- EXERCISE DIRECTIONS: Find all lines below containing the string "name" and return them.

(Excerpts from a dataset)
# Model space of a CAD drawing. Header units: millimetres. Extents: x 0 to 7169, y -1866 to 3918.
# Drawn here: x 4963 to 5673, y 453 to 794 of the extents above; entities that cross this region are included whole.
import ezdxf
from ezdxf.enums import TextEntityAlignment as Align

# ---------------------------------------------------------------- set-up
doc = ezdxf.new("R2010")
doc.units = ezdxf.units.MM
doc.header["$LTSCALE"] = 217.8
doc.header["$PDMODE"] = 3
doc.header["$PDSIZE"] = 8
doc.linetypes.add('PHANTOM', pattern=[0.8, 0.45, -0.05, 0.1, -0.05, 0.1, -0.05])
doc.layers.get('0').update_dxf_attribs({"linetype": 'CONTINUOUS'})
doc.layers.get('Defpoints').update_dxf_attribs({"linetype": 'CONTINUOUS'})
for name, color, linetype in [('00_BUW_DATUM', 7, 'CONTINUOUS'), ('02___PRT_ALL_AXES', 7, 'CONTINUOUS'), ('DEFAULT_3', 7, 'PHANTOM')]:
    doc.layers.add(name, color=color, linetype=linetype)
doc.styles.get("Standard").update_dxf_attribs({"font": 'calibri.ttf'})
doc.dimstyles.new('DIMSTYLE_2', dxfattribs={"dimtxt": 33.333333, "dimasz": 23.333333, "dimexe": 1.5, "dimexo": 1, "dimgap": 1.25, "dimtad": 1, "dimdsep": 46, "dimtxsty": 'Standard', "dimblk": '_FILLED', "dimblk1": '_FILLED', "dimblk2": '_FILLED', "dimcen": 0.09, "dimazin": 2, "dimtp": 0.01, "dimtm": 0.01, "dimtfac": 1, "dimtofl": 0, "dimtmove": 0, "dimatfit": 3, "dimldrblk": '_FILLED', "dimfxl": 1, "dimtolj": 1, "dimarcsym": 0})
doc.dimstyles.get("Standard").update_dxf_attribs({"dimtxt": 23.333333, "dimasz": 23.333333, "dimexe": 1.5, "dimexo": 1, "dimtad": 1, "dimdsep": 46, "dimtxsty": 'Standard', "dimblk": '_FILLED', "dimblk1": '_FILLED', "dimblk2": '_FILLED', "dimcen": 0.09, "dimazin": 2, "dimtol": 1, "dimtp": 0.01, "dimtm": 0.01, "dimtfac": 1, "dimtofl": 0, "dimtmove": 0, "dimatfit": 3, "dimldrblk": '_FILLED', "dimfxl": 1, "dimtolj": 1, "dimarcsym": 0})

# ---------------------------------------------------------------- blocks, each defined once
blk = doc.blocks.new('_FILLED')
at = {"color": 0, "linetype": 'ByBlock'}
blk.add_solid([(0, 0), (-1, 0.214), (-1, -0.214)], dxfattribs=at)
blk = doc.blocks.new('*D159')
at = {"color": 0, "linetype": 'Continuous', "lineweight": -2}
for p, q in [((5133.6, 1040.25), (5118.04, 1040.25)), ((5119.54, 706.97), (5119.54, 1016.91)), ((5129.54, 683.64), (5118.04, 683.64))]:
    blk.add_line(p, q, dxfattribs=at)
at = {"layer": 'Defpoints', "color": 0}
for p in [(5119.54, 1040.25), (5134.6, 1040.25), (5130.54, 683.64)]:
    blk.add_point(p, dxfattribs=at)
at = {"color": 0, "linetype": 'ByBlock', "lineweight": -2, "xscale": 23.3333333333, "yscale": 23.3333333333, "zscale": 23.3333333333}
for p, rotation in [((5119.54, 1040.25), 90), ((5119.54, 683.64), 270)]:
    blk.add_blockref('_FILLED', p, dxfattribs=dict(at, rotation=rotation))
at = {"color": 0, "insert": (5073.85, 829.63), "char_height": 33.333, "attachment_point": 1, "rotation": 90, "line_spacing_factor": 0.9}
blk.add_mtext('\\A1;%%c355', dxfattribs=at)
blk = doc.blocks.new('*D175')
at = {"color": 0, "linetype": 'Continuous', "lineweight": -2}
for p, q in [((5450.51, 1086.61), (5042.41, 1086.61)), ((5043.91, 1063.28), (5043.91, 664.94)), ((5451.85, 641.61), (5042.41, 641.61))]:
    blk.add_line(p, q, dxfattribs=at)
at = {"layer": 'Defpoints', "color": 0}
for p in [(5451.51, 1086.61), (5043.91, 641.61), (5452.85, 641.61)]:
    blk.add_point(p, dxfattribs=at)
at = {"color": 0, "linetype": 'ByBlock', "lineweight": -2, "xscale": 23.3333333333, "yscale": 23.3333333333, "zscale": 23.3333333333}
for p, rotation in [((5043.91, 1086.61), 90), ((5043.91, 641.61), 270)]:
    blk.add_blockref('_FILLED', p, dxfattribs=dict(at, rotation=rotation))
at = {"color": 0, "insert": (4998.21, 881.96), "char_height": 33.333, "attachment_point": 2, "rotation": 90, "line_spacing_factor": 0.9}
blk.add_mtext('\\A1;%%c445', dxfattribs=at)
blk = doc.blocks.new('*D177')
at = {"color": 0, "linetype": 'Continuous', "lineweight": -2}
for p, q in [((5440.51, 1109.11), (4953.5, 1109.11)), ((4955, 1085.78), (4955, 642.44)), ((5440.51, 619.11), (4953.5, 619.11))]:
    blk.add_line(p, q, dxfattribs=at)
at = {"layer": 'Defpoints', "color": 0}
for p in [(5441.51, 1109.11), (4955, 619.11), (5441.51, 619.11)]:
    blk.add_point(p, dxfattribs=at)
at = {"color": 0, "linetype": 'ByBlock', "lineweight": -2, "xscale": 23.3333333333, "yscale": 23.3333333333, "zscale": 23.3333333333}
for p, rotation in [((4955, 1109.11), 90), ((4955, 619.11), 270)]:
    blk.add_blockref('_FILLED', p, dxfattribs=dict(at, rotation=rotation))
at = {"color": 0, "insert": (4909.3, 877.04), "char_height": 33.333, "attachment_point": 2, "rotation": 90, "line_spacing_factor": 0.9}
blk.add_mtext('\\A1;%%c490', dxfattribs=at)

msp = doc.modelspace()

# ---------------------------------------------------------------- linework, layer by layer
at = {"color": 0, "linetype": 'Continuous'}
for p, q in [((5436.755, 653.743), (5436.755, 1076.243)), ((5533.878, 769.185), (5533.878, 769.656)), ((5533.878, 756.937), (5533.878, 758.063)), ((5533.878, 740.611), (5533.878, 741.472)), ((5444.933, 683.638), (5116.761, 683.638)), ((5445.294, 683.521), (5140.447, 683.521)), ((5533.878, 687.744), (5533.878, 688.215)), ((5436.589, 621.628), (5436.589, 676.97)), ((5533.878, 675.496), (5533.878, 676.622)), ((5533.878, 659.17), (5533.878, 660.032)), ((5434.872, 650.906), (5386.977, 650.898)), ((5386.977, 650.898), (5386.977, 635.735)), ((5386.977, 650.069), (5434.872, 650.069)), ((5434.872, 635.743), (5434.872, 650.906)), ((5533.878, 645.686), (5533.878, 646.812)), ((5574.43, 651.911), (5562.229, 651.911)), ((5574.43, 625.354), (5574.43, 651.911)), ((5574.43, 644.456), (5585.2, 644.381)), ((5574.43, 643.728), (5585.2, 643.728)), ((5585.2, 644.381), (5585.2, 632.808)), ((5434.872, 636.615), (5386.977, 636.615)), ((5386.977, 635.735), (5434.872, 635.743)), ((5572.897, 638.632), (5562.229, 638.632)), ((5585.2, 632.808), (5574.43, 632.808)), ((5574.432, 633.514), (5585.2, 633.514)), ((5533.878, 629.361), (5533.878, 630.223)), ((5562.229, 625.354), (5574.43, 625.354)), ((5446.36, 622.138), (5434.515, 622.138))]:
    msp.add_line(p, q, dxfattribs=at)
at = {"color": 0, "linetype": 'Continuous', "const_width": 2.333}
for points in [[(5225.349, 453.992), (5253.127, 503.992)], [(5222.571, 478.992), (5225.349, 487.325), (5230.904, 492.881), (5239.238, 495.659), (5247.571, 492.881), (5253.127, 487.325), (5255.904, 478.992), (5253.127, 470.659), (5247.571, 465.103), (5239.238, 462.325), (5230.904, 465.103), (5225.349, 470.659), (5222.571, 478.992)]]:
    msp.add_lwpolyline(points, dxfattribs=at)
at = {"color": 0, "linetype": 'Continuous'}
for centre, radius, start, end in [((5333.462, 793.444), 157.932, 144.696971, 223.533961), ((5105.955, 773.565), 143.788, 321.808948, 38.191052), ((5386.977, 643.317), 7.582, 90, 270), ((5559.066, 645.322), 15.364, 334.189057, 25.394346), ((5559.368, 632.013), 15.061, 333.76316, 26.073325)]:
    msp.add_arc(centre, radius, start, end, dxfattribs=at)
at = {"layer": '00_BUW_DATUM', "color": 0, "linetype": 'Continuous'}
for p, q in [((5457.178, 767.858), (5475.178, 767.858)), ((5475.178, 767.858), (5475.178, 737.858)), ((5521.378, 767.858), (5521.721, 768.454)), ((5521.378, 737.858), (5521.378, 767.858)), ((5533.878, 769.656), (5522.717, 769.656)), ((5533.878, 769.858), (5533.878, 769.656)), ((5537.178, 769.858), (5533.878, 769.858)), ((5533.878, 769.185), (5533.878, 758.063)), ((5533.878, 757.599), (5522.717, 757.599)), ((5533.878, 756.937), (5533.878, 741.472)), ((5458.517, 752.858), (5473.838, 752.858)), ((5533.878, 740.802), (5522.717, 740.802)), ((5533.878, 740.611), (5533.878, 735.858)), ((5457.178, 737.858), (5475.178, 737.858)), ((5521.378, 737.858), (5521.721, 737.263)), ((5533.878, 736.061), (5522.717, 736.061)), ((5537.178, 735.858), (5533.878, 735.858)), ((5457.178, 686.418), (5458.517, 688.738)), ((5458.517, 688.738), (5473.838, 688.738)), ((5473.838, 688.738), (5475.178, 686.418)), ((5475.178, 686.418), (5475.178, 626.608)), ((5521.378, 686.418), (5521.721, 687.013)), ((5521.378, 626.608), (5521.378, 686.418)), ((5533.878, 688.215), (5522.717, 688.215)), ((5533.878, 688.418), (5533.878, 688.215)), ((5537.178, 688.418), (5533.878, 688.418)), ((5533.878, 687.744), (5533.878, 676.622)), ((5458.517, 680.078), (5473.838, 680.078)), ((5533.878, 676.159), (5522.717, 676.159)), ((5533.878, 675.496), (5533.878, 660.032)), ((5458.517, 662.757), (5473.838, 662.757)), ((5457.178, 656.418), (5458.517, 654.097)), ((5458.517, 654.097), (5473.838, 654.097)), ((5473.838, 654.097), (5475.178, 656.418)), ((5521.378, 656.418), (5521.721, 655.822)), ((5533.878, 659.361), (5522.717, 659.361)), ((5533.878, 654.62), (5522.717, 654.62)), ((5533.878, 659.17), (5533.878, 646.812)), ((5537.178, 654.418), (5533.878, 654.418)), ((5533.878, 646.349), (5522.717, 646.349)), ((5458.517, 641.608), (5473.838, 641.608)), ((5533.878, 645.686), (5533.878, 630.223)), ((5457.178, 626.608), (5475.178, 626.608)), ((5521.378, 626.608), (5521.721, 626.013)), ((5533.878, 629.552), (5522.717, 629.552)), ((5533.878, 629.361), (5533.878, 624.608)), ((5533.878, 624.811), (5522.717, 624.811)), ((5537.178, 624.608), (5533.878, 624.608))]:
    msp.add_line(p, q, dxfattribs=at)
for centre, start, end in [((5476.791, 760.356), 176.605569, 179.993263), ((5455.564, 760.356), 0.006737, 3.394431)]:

- EXERCISE ANSWER:
for name, color, linetype in [('00_BUW_DATUM', 7, 'CONTINUOUS'), ('02___PRT_ALL_AXES', 7, 'CONTINUOUS'), ('DEFAULT_3', 7, 'PHANTOM')]:
    doc.layers.add(name, color=color, linetype=linetype)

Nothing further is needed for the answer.